Objective  To evaluate the accuracy and precision of 3 physicians using DSCMs before and after training to detect basal cell carcinoma (BCC) and squamous cell carcinoma (SCC) in Mohs micrographic surgery fresh-tissue specimens.

Design  This retrospective study used 133 DSCMs from 64 Mohs tissue excisions, which included clear margins, residual BCC, or residual SCC. Discarded tissue from Mohs surgical excisions from the dermatologic surgery units at Memorial Sloan Kettering Cancer Center and Oregon Health & Science University were collected for confocal imaging from 2006 to 2011. Final data analysis and interpretation took place between 2014 and 2016. Two Mohs surgeons and a Mohs fellow, who were blinded to the correlating gold standard frozen section diagnoses, independently reviewed the DSCMs for residual nonmelanoma skin cancer (NMSC) before and after a brief training session (about 5 minutes). The 2 assessments were separated by a 6-month washout period.
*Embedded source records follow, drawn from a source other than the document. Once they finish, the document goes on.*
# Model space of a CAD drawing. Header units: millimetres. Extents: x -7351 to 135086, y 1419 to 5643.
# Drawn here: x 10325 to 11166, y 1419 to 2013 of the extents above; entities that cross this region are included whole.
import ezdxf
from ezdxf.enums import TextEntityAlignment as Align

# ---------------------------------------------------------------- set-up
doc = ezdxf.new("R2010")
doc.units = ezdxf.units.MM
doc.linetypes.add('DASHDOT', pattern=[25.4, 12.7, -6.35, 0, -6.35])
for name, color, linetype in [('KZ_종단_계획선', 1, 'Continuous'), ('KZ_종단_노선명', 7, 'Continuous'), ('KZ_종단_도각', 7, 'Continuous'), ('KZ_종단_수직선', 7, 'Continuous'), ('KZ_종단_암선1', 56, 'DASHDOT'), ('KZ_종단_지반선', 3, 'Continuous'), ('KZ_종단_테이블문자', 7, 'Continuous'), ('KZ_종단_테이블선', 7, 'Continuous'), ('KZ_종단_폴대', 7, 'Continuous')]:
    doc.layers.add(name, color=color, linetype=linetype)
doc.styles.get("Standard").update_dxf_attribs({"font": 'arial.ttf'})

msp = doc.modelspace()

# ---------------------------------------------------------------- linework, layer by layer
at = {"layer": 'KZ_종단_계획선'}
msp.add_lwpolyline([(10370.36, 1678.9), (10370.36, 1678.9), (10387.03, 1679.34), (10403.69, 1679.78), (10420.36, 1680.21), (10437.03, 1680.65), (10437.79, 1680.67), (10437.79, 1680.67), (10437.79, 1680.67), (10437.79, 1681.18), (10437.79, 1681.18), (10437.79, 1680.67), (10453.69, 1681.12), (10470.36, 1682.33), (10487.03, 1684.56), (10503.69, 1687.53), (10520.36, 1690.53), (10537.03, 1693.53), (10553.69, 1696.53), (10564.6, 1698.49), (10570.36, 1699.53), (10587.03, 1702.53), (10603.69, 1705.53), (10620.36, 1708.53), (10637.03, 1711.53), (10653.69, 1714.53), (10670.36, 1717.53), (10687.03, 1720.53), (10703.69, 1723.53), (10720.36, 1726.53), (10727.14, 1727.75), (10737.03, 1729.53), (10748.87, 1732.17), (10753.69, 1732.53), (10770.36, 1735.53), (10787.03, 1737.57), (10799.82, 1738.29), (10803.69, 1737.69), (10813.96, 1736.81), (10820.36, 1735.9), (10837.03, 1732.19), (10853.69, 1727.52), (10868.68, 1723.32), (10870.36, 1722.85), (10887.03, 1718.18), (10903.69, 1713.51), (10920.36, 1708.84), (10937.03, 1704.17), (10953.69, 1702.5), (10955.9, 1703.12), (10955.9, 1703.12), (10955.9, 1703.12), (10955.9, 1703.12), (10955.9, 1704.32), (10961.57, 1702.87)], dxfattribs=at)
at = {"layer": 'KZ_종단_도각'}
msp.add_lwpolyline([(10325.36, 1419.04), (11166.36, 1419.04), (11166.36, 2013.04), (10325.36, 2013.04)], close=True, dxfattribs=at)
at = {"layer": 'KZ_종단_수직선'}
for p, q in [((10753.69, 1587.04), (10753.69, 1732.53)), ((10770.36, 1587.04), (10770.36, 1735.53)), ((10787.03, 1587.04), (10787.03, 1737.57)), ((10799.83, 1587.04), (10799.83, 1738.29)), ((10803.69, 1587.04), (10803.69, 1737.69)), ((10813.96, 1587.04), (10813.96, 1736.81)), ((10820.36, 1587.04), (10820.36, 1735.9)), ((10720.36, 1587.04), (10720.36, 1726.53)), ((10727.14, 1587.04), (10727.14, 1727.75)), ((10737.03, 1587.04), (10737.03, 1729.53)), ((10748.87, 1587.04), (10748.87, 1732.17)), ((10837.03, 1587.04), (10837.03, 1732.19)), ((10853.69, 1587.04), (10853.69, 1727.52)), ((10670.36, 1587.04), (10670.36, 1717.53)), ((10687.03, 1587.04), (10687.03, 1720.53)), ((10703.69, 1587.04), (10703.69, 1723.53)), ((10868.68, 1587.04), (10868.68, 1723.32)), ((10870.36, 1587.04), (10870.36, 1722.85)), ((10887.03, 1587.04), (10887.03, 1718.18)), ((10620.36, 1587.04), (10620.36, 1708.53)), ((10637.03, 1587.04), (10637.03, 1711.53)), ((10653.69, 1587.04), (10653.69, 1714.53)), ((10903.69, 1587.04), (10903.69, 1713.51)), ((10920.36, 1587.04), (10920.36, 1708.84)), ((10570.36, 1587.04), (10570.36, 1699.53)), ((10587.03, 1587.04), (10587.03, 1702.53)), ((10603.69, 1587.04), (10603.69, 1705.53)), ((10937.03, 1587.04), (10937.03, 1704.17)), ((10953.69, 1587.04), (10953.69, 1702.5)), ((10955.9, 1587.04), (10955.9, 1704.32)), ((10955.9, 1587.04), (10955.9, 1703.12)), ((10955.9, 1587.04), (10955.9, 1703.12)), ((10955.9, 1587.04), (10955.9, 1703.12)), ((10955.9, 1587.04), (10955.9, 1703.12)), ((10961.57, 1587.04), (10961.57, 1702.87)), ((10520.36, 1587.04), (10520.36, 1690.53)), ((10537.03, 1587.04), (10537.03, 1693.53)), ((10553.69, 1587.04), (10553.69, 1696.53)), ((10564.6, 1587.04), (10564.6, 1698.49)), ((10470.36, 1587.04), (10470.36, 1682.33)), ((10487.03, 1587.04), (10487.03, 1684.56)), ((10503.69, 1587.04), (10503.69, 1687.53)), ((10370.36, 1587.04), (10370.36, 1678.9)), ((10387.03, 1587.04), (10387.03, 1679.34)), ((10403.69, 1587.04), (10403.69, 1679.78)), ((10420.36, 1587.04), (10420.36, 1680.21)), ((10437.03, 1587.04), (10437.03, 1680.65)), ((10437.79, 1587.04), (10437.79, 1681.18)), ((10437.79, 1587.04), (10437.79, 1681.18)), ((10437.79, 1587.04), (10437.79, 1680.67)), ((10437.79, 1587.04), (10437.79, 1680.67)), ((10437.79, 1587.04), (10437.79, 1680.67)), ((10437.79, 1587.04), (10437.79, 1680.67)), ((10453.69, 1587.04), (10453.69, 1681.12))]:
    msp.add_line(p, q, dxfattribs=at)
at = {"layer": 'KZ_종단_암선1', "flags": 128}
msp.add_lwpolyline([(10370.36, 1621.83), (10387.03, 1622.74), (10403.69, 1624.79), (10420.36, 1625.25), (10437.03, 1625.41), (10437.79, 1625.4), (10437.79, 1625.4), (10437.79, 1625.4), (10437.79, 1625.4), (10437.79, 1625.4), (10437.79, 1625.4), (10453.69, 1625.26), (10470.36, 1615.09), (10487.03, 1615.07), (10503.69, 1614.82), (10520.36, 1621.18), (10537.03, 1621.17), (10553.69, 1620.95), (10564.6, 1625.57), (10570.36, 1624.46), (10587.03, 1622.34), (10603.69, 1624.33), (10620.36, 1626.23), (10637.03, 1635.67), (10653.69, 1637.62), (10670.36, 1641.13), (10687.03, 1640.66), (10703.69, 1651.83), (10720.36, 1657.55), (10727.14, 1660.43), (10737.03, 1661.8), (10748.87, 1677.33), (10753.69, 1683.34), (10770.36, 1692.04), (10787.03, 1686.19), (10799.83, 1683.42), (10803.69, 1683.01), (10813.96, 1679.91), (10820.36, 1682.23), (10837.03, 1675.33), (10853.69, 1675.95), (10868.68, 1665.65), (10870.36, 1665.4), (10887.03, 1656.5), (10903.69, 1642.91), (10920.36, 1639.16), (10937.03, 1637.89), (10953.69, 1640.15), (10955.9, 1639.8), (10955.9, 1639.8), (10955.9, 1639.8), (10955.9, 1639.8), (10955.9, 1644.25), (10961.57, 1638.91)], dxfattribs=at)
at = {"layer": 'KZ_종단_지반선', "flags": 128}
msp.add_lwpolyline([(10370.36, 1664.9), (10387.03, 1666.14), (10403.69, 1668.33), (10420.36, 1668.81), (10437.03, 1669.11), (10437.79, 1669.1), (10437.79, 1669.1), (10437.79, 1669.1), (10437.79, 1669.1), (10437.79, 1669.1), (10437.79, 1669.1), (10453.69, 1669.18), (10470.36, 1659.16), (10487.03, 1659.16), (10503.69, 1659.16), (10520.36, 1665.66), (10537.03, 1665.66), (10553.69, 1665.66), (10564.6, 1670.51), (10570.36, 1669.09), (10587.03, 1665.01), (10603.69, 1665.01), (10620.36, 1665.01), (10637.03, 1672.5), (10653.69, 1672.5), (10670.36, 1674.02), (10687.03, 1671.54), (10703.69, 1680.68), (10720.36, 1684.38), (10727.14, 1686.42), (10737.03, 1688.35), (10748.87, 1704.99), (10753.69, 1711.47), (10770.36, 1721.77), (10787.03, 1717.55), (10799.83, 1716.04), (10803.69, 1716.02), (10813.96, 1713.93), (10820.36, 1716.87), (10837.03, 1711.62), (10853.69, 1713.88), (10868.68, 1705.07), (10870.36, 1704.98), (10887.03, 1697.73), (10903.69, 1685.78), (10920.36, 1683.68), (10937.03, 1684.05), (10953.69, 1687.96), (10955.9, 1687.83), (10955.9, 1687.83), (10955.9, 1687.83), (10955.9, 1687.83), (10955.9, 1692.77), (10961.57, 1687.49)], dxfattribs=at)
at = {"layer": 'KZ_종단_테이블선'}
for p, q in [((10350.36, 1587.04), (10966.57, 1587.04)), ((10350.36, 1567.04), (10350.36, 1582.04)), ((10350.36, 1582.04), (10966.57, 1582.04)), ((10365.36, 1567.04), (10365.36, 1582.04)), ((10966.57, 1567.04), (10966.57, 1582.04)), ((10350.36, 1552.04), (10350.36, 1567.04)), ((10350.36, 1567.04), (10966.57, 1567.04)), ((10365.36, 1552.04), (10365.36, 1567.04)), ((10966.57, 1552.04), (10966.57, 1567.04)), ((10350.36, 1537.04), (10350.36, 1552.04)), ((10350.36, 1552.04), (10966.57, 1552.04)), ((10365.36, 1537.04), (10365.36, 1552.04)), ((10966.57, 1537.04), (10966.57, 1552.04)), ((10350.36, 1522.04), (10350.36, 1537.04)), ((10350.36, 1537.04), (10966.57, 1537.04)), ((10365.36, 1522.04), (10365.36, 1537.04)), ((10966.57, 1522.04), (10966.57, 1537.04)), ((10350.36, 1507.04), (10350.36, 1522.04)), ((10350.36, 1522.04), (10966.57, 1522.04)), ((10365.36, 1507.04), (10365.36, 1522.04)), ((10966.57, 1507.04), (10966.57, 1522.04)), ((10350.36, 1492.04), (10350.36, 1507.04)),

Main Outcomes and Measures  Diagnostic accuracy was characterized by sensitivity and specificity of detecting NMSC using DSCMs vs standard frozen histopathologic specimens. The diagnostic precision was calculated based on interobserver agreement and κ scores. Paired 2-sample t tests were used for comparative means analyses before and after training.

Results  The average respective sensitivities and specificities of detecting NMSC were 90% (95% CI, 89%-91%) and 79% (95% CI, 52%-100%) before training and 99% (95% CI, 99%-99%) (P = .001) and 93% (95% CI, 90%-96%) (P = .18) after training; for BCC, they were 83% (95% CI, 59%-100%) and 92% (95% CI, 81%-100%) before training and 98% (95% CI, 98%-98%) (P = .18) and 97% (95% CI, 95%-100%) (P = .15) after training; for SCC, they were 73% (95% CI, 65%-81%) and 89% (95% CI, 72%-100%) before training and 100% (P = .004) and 98% (95% CI, 95%-100%) (P = .21) after training. The pretraining interobserver agreement was 72% (κ = 0.58), and the posttraining interobserver agreement was 98% (κ = 0.97) (P = .04).

Conclusions and Relevance  Diagnostic use of DSCMs shows promising correlation to frozen histologic analysis, but image quality was affected by variations in image contrast and mosaic-stitching artifact. With training, physicians were able to read DSCMs with significantly improved accuracy and precision to detect NMSC.